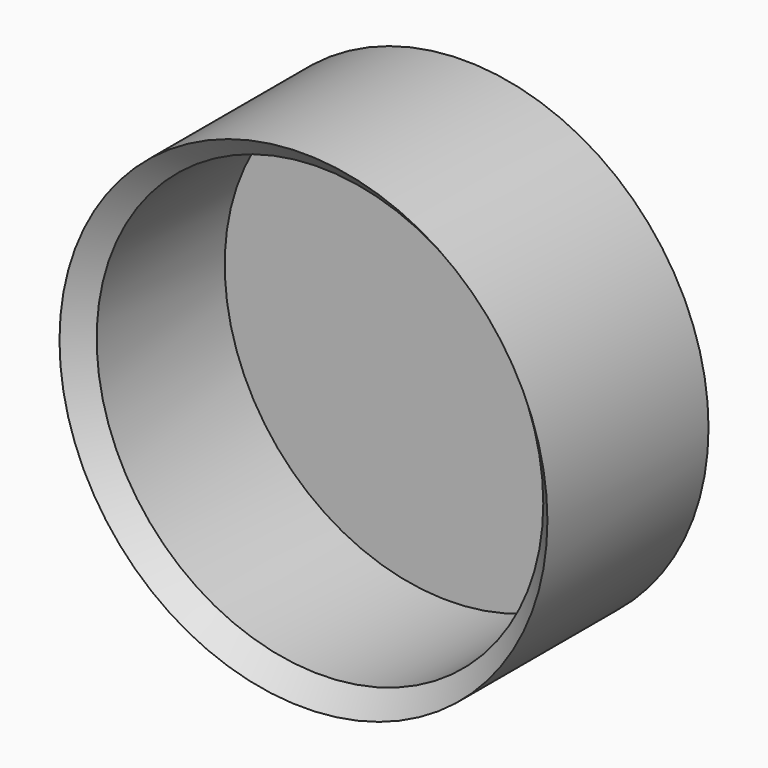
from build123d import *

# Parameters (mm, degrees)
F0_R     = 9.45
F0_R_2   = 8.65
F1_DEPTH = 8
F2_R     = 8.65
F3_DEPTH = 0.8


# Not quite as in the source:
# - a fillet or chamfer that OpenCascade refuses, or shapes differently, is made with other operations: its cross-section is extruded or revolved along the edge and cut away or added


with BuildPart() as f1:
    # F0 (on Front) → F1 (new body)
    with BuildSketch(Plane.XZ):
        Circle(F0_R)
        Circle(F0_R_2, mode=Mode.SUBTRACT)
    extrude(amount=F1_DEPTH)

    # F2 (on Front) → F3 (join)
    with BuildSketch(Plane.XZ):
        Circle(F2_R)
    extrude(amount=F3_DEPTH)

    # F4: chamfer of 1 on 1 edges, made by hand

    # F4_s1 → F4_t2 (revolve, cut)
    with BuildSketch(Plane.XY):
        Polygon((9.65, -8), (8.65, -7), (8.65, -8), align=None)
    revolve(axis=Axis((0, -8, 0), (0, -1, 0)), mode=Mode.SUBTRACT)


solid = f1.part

**Assignment:**
Type the records out again in full, exactly, with each picture omitted.

**Result of the exercise:**
from build123d import *

# Parameters (mm, degrees)
F0_R     = 9.45
F0_R_2   = 8.65
F1_DEPTH = 8
F2_R     = 8.65
F3_DEPTH = 0.8


# Not quite as in the source:
# - a fillet or chamfer that OpenCascade refuses, or shapes differently, is made with other operations: its cross-section is extruded or revolved along the edge and cut away or added


with BuildPart() as f1:
    # F0 (on Front) → F1 (new body)
    with BuildSketch(Plane.XZ):
        Circle(F0_R)
        Circle(F0_R_2, mode=Mode.SUBTRACT)
    extrude(amount=F1_DEPTH)

    # F2 (on Front) → F3 (join)
    with BuildSketch(Plane.XZ):
        Circle(F2_R)
    extrude(amount=F3_DEPTH)

    # F4: chamfer of 1 on 1 edges, made by hand

    # F4_s1 → F4_t2 (revolve, cut)
    with BuildSketch(Plane.XY):
        Polygon((9.65, -8), (8.65, -7), (8.65, -8), align=None)
    revolve(axis=Axis((0, -8, 0), (0, -1, 0)), mode=Mode.SUBTRACT)


solid = f1.part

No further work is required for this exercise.